Nos artigos 15 e seguintes, a Medida Provisória faz referência à suspensão de exigências administrativas em segurança e saúde no trabalho, determinando a não necessidade de realização de exames ocupacionais, exceto demissionais – que também poderão não ser realizados, caso o último exame tenha sido feito há menos de 180 dias – no período em que durar o estado de calamidade pública. Os exames pendentes devem ser regularizados em 60 dias após o encerramento da situação de calamidade.

 

Também deverão ser suspensos os cursos e treinamentos previstos nas normas regulamentadoras, situação que deverá ser regularizada em 90 após encerrado o estado de calamidade pública, ou ainda, por meio da realização de cursos à distância, virtualmente. Devem ser mantidas as formações atuais das CIPA, bem como suspensos os processos eleitorais em curso.

 

Há, ainda, previsão acerca do diferimento das parcelas de FGTS referentes aos meses de março, abril e maio de 2020, nos artigos 19 e seguintes do texto da Medida Provisória. Os recolhimentos poderão ser regularizados, de maneira parcelada – sem atualização, multa ou encargos – em até seis meses, a contar de julho de 2020. Para tanto, o empregador deve prestar informações até 20/06/2020, identificando as parcelas não recolhidas, reconhecendo a existência de débito.

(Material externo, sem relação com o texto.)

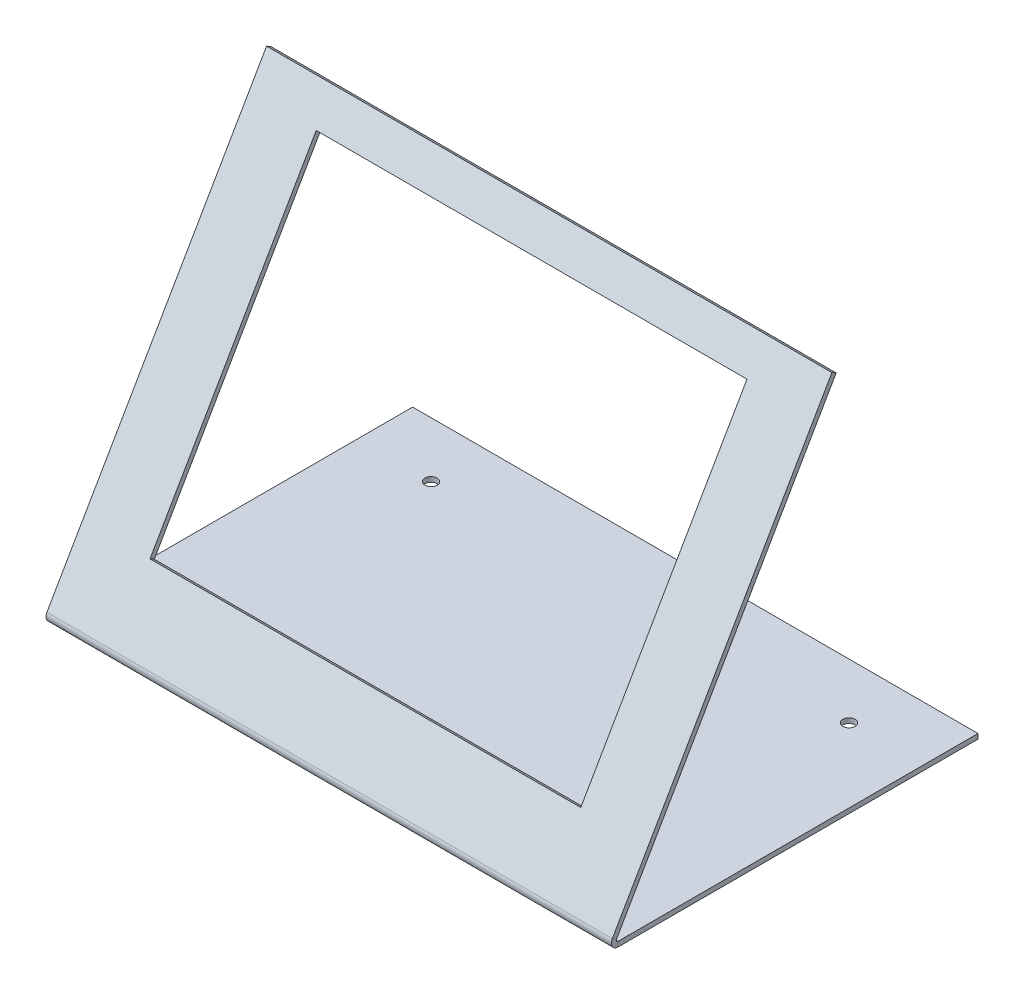
ISO-10303-21;
HEADER;
FILE_DESCRIPTION(('STEP AP214'),'2;1');
FILE_NAME('part.step','',(''),(''),'','','');
FILE_SCHEMA(('AUTOMOTIVE_DESIGN { 1 0 10303 214 1 1 1 1 }'));
ENDSEC;
DATA;
#1=APPLICATION_CONTEXT('core data for automotive mechanical design processes');
#2=APPLICATION_PROTOCOL_DEFINITION('international standard','automotive_design',2000,#1);
#3=PRODUCT_CONTEXT('',#1,'mechanical');
#4=PRODUCT('Part','Part','',(#3));
#5=PRODUCT_RELATED_PRODUCT_CATEGORY('part','',(#4));
#6=PRODUCT_DEFINITION_FORMATION('','',#4);
#7=PRODUCT_DEFINITION_CONTEXT('part definition',#1,'design');
#8=PRODUCT_DEFINITION('design','',#6,#7);
#9=PRODUCT_DEFINITION_SHAPE('','',#8);
#10=(LENGTH_UNIT() NAMED_UNIT(*) SI_UNIT(.MILLI.,.METRE.));
#11=(NAMED_UNIT(*) PLANE_ANGLE_UNIT() SI_UNIT($,.RADIAN.));
#12=(NAMED_UNIT(*) SI_UNIT($,.STERADIAN.) SOLID_ANGLE_UNIT());
#13=UNCERTAINTY_MEASURE_WITH_UNIT(LENGTH_MEASURE(1.E-05),#10,'distance_accuracy_value','');
#14=(GEOMETRIC_REPRESENTATION_CONTEXT(3) GLOBAL_UNCERTAINTY_ASSIGNED_CONTEXT((#13)) GLOBAL_UNIT_ASSIGNED_CONTEXT((#10,
#11,#12)) REPRESENTATION_CONTEXT('',''));
#15=CARTESIAN_POINT('',(0.,0.,0.));
#16=DIRECTION('',(0.,0.,1.));
#17=DIRECTION('',(1.,0.,0.));
#18=AXIS2_PLACEMENT_3D('',#15,#16,#17);
#19=CARTESIAN_POINT('',(230.,-2.,0.));
#20=DIRECTION('',(1.,0.,0.));
#21=DIRECTION('',(0.,0.,-1.));
#22=AXIS2_PLACEMENT_3D('',#19,#20,#21);
#23=PLANE('',#22);
#24=DIRECTION('',(0.,0.,-1.));
#25=VECTOR('',#24,1.);
#26=CARTESIAN_POINT('',(230.,0.,0.));
#27=LINE('',#26,#25);
#28=CARTESIAN_POINT('',(230.,0.,146.414770298386));
#29=VERTEX_POINT('',#28);
#30=CARTESIAN_POINT('',(230.,0.,0.));
#31=VERTEX_POINT('',#30);
#32=EDGE_CURVE('E324',#29,#31,#27,.T.);
#33=ORIENTED_EDGE('',*,*,#32,.F.);
#34=DIRECTION('',(0.,-1.,0.));
#35=VECTOR('',#34,1.);
#36=CARTESIAN_POINT('',(230.,0.,146.414770298386));
#37=LINE('',#36,#35);
#38=CARTESIAN_POINT('',(230.,-2.,146.414770298386));
#39=VERTEX_POINT('',#38);
#40=EDGE_CURVE('E254',#29,#39,#37,.T.);
#41=ORIENTED_EDGE('',*,*,#40,.T.);
#42=DIRECTION('',(0.,0.,-1.));
#43=VECTOR('',#42,1.);
#44=CARTESIAN_POINT('',(230.,-2.,0.));
#45=LINE('',#44,#43);
#46=CARTESIAN_POINT('',(230.,-2.,0.));
#47=VERTEX_POINT('',#46);
#48=EDGE_CURVE('E313',#39,#47,#45,.T.);
#49=ORIENTED_EDGE('',*,*,#48,.T.);
#50=DIRECTION('',(0.,1.,0.));
#51=VECTOR('',#50,1.);
#52=CARTESIAN_POINT('',(230.,-2.,0.));
#53=LINE('',#52,#51);
#54=EDGE_CURVE('E69',#47,#31,#53,.T.);
#55=ORIENTED_EDGE('',*,*,#54,.T.);
#56=EDGE_LOOP('',(#33,#41,#49,#55));
#57=FACE_BOUND('',#56,.T.);
#58=ADVANCED_FACE('F65',(#57),#23,.T.);
#59=CARTESIAN_POINT('',(0.,-2.,0.));
#60=DIRECTION('',(0.,1.,0.));
#61=DIRECTION('',(0.,0.,1.));
#62=AXIS2_PLACEMENT_3D('',#59,#60,#61);
#63=PLANE('',#62);
#64=CARTESIAN_POINT('',(30.,-2.,22.5));
#65=DIRECTION('',(0.,1.,0.));
#66=DIRECTION('',(0.,0.,1.));
#67=AXIS2_PLACEMENT_3D('',#64,#65,#66);
#68=CIRCLE('',#67,2.5);
#69=CARTESIAN_POINT('',(30.,-2.,25.));
#70=VERTEX_POINT('',#69);
#71=EDGE_CURVE('E301',#70,#70,#68,.T.);
#72=ORIENTED_EDGE('',*,*,#71,.T.);
#73=EDGE_LOOP('',(#72));
#74=FACE_BOUND('',#73,.T.);
#75=CARTESIAN_POINT('',(30.,-2.,127.5));
#76=DIRECTION('',(0.,1.,0.));
#77=DIRECTION('',(0.,0.,1.));
#78=AXIS2_PLACEMENT_3D('',#75,#76,#77);
#79=CIRCLE('',#78,2.5);
#80=CARTESIAN_POINT('',(30.,-2.,130.));
#81=VERTEX_POINT('',#80);
#82=EDGE_CURVE('E293',#81,#81,#79,.T.);
#83=ORIENTED_EDGE('',*,*,#82,.T.);
#84=EDGE_LOOP('',(#83));
#85=FACE_BOUND('',#84,.T.);
#86=CARTESIAN_POINT('',(200.,-2.,127.5));
#87=DIRECTION('',(0.,1.,0.));
#88=DIRECTION('',(0.,0.,1.));
#89=AXIS2_PLACEMENT_3D('',#86,#87,#88);
#90=CIRCLE('',#89,2.5);
#91=CARTESIAN_POINT('',(200.,-2.,130.));
#92=VERTEX_POINT('',#91);
#93=EDGE_CURVE('E285',#92,#92,#90,.T.);
#94=ORIENTED_EDGE('',*,*,#93,.T.);
#95=EDGE_LOOP('',(#94));
#96=FACE_BOUND('',#95,.T.);
#97=CARTESIAN_POINT('',(200.,-2.,22.5));
#98=DIRECTION('',(0.,1.,0.));
#99=DIRECTION('',(0.,0.,1.));
#100=AXIS2_PLACEMENT_3D('',#97,#98,#99);
#101=CIRCLE('',#100,2.5);
#102=CARTESIAN_POINT('',(200.,-2.,25.));
#103=VERTEX_POINT('',#102);
#104=EDGE_CURVE('E277',#103,#103,#101,.T.);
#105=ORIENTED_EDGE('',*,*,#104,.T.);
#106=EDGE_LOOP('',(#105));
#107=FACE_BOUND('',#106,.T.);
#108=DIRECTION('',(1.,0.,0.));
#109=VECTOR('',#108,1.);
#110=CARTESIAN_POINT('',(230.,-2.,146.414770298386));
#111=LINE('',#110,#109);
#112=CARTESIAN_POINT('',(0.,-2.,146.414770298386));
#113=VERTEX_POINT('',#112);
#114=EDGE_CURVE('E246',#39,#113,#111,.F.);
#115=ORIENTED_EDGE('',*,*,#114,.T.);
#116=DIRECTION('',(0.,0.,1.));
#117=VECTOR('',#116,1.);
#118=CARTESIAN_POINT('',(0.,-2.,0.));
#119=LINE('',#118,#117);
#120=CARTESIAN_POINT('',(0.,-2.,0.));
#121=VERTEX_POINT('',#120);
#122=EDGE_CURVE('E309',#121,#113,#119,.T.);
#123=ORIENTED_EDGE('',*,*,#122,.F.);
#124=DIRECTION('',(-1.,0.,0.));
#125=VECTOR('',#124,1.);
#126=CARTESIAN_POINT('',(0.,-2.,0.));
#127=LINE('',#126,#125);
#128=EDGE_CURVE('E317',#47,#121,#127,.T.);
#129=ORIENTED_EDGE('',*,*,#128,.F.);
#130=ORIENTED_EDGE('',*,*,#48,.F.);
#131=EDGE_LOOP('',(#115,#123,#129,#130));
#132=FACE_BOUND('',#131,.T.);
#133=ADVANCED_FACE('F383',(#74,#85,#96,#107,#132),#63,.F.);
#134=CARTESIAN_POINT('',(0.,0.,0.));
#135=DIRECTION('',(0.,1.,0.));
#136=DIRECTION('',(0.,0.,1.));
#137=AXIS2_PLACEMENT_3D('',#134,#135,#136);
#138=PLANE('',#137);
#139=CARTESIAN_POINT('',(200.,0.,22.5));
#140=DIRECTION('',(0.,1.,0.));
#141=DIRECTION('',(0.,0.,1.));
#142=AXIS2_PLACEMENT_3D('',#139,#140,#141);
#143=CIRCLE('',#142,2.5);
#144=CARTESIAN_POINT('',(200.,0.,25.));
#145=VERTEX_POINT('',#144);
#146=EDGE_CURVE('E273',#145,#145,#143,.T.);
#147=ORIENTED_EDGE('',*,*,#146,.F.);
#148=EDGE_LOOP('',(#147));
#149=FACE_BOUND('',#148,.T.);
#150=CARTESIAN_POINT('',(200.,0.,127.5));
#151=DIRECTION('',(0.,1.,0.));
#152=DIRECTION('',(0.,0.,1.));
#153=AXIS2_PLACEMENT_3D('',#150,#151,#152);
#154=CIRCLE('',#153,2.5);
#155=CARTESIAN_POINT('',(200.,0.,130.));
#156=VERTEX_POINT('',#155);
#157=EDGE_CURVE('E281',#156,#156,#154,.T.);
#158=ORIENTED_EDGE('',*,*,#157,.F.);
#159=EDGE_LOOP('',(#158));
#160=FACE_BOUND('',#159,.T.);
#161=CARTESIAN_POINT('',(30.,0.,127.5));
#162=DIRECTION('',(0.,1.,0.));
#163=DIRECTION('',(0.,0.,1.));
#164=AXIS2_PLACEMENT_3D('',#161,#162,#163);
#165=CIRCLE('',#164,2.5);
#166=CARTESIAN_POINT('',(30.,0.,130.));
#167=VERTEX_POINT('',#166);
#168=EDGE_CURVE('E289',#167,#167,#165,.T.);
#169=ORIENTED_EDGE('',*,*,#168,.F.);
#170=EDGE_LOOP('',(#169));
#171=FACE_BOUND('',#170,.T.);
#172=CARTESIAN_POINT('',(30.,0.,22.5));
#173=DIRECTION('',(0.,1.,0.));
#174=DIRECTION('',(0.,0.,1.));
#175=AXIS2_PLACEMENT_3D('',#172,#173,#174);
#176=CIRCLE('',#175,2.5);
#177=CARTESIAN_POINT('',(30.,0.,25.));
#178=VERTEX_POINT('',#177);
#179=EDGE_CURVE('E297',#178,#178,#176,.T.);
#180=ORIENTED_EDGE('',*,*,#179,.F.);
#181=EDGE_LOOP('',(#180));
#182=FACE_BOUND('',#181,.T.);
#183=DIRECTION('',(0.,0.,1.));
#184=VECTOR('',#183,1.);
#185=CARTESIAN_POINT('',(0.,0.,0.));
#186=LINE('',#185,#184);
#187=CARTESIAN_POINT('',(0.,0.,0.));
#188=VERTEX_POINT('',#187);
#189=CARTESIAN_POINT('',(0.,0.,146.414770298386));
#190=VERTEX_POINT('',#189);
#191=EDGE_CURVE('E305',#188,#190,#186,.T.);
#192=ORIENTED_EDGE('',*,*,#191,.T.);
#193=DIRECTION('',(1.,0.,0.));
#194=VECTOR('',#193,1.);
#195=CARTESIAN_POINT('',(230.,0.,146.414770298386));
#196=LINE('',#195,#194);
#197=EDGE_CURVE('E262',#29,#190,#196,.F.);
#198=ORIENTED_EDGE('',*,*,#197,.F.);
#199=ORIENTED_EDGE('',*,*,#32,.T.);
#200=DIRECTION('',(-1.,0.,0.));
#201=VECTOR('',#200,1.);
#202=CARTESIAN_POINT('',(0.,0.,0.));
#203=LINE('',#202,#201);
#204=EDGE_CURVE('E314',#31,#188,#203,.T.);
#205=ORIENTED_EDGE('',*,*,#204,.T.);
#206=EDGE_LOOP('',(#192,#198,#199,#205));
#207=FACE_BOUND('',#206,.T.);
#208=ADVANCED_FACE('F333',(#149,#160,#171,#182,#207),#138,.T.);
#209=CARTESIAN_POINT('',(0.,-2.,0.));
#210=DIRECTION('',(-1.,0.,0.));
#211=DIRECTION('',(0.,0.,1.));
#212=AXIS2_PLACEMENT_3D('',#209,#210,#211);
#213=PLANE('',#212);
#214=DIRECTION('',(0.,-1.,0.));
#215=VECTOR('',#214,1.);
#216=CARTESIAN_POINT('',(0.,0.,146.414770298386));
#217=LINE('',#216,#215);
#218=EDGE_CURVE('E269',#190,#113,#217,.T.);
#219=ORIENTED_EDGE('',*,*,#218,.F.);
#220=ORIENTED_EDGE('',*,*,#191,.F.);
#221=DIRECTION('',(0.,1.,0.));
#222=VECTOR('',#221,1.);
#223=CARTESIAN_POINT('',(0.,-2.,0.));
#224=LINE('',#223,#222);
#225=EDGE_CURVE('E13',#121,#188,#224,.T.);
#226=ORIENTED_EDGE('',*,*,#225,.F.);
#227=ORIENTED_EDGE('',*,*,#122,.T.);
#228=EDGE_LOOP('',(#219,#220,#226,#227));
#229=FACE_BOUND('',#228,.T.);
#230=ADVANCED_FACE('F67',(#229),#213,.T.);
#231=CARTESIAN_POINT('',(0.,-2.,0.));
#232=DIRECTION('',(0.,0.,-1.));
#233=DIRECTION('',(-1.,0.,0.));
#234=AXIS2_PLACEMENT_3D('',#231,#232,#233);
#235=PLANE('',#234);
#236=ORIENTED_EDGE('',*,*,#204,.F.);
#237=ORIENTED_EDGE('',*,*,#54,.F.);
#238=ORIENTED_EDGE('',*,*,#128,.T.);
#239=ORIENTED_EDGE('',*,*,#225,.T.);
#240=EDGE_LOOP('',(#236,#237,#238,#239));
#241=FACE_BOUND('',#240,.T.);
#242=ADVANCED_FACE('F339',(#241),#235,.T.);
#243=CARTESIAN_POINT('',(30.,-2.,22.5));
#244=DIRECTION('',(0.,1.,0.));
#245=DIRECTION('',(0.,0.,1.));
#246=AXIS2_PLACEMENT_3D('',#243,#244,#245);
#247=CYLINDRICAL_SURFACE('',#246,2.5);
#248=ORIENTED_EDGE('',*,*,#71,.F.);
#249=EDGE_LOOP('',(#248));
#250=FACE_BOUND('',#249,.T.);
#251=ORIENTED_EDGE('',*,*,#179,.T.);
#252=EDGE_LOOP('',(#251));
#253=FACE_BOUND('',#252,.T.);
#254=ADVANCED_FACE('F393',(#250,#253),#247,.F.);
#255=CARTESIAN_POINT('',(30.,-2.,127.5));
#256=DIRECTION('',(0.,1.,0.));
#257=DIRECTION('',(0.,0.,1.));
#258=AXIS2_PLACEMENT_3D('',#255,#256,#257);
#259=CYLINDRICAL_SURFACE('',#258,2.5);
#260=ORIENTED_EDGE('',*,*,#82,.F.);
#261=EDGE_LOOP('',(#260));
#262=FACE_BOUND('',#261,.T.);
#263=ORIENTED_EDGE('',*,*,#168,.T.);
#264=EDGE_LOOP('',(#263));
#265=FACE_BOUND('',#264,.T.);
#266=ADVANCED_FACE('F399',(#262,#265),#259,.F.);
#267=CARTESIAN_POINT('',(200.,-2.,127.5));
#268=DIRECTION('',(0.,1.,0.));
#269=DIRECTION('',(0.,0.,1.));
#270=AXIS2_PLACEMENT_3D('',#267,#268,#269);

O inadimplemento das parcelas determina a incidência de multa e encargos, bem como o bloqueio de certificado de regularidade de FGTS.

 

Em caso de rescisão contratual ocorrida no interregno da suspensão e/ou parcelamento, resolve-se a obrigação, devendo ser recolhida a integralidade dos valores devidos, sem a incidência de multa e encargos.

 

Os certificados de regularidade de FGTS emitidos antes da publicação da Medida Provisória nº 927/2020 serão prorrogados por 90 dias. Bem assim, determinada a suspensão do prazo prescricional dos débitos de FGTS por 120 dias.

 

Por fim, o capítulo X, da MP nº 927 aborda temas diversos, de modo que é necessário destacar alguns deles:

 

O artigo 29 encerra a discussão travada logo no início da pandemia, acerca da responsabilidade do empregador em caso de contaminação do coronavírus no local de trabalho. De acordo com o regramento, os casos de contaminação não serão considerados ocupacionais, exceto mediante comprovação de nexo causal.

 

Com relação aos acordos e convenções coletivas vencidas ou vincendas, no prazo de cento e oitenta dias, contado do dia 23/03/2020, poderão ser prorrogados, a critério do empregador, pelo prazo de noventa dias.

 

No que concerne à fiscalização dos Auditores do Trabalho, pertencentes ao atual Ministério da Economia, deverão atuar somente de maneira orientadora, com exceção de irregularidades como: falta de registro de empregado, a partir de denúncias, situação de grave e iminente risco, ocorrência de acidente de trabalho fatal, trabalho em condições análogas às de escravo ou trabalho infantil.

 

Importa considerar, por fim, que a convalidação das medidas trabalhistas tomadas pelos empregadores no período de 30 (trinta) dias anteriores à publicação da MP, desde que não contrárias aos seus termos, consoante o artigo 36 do texto legal.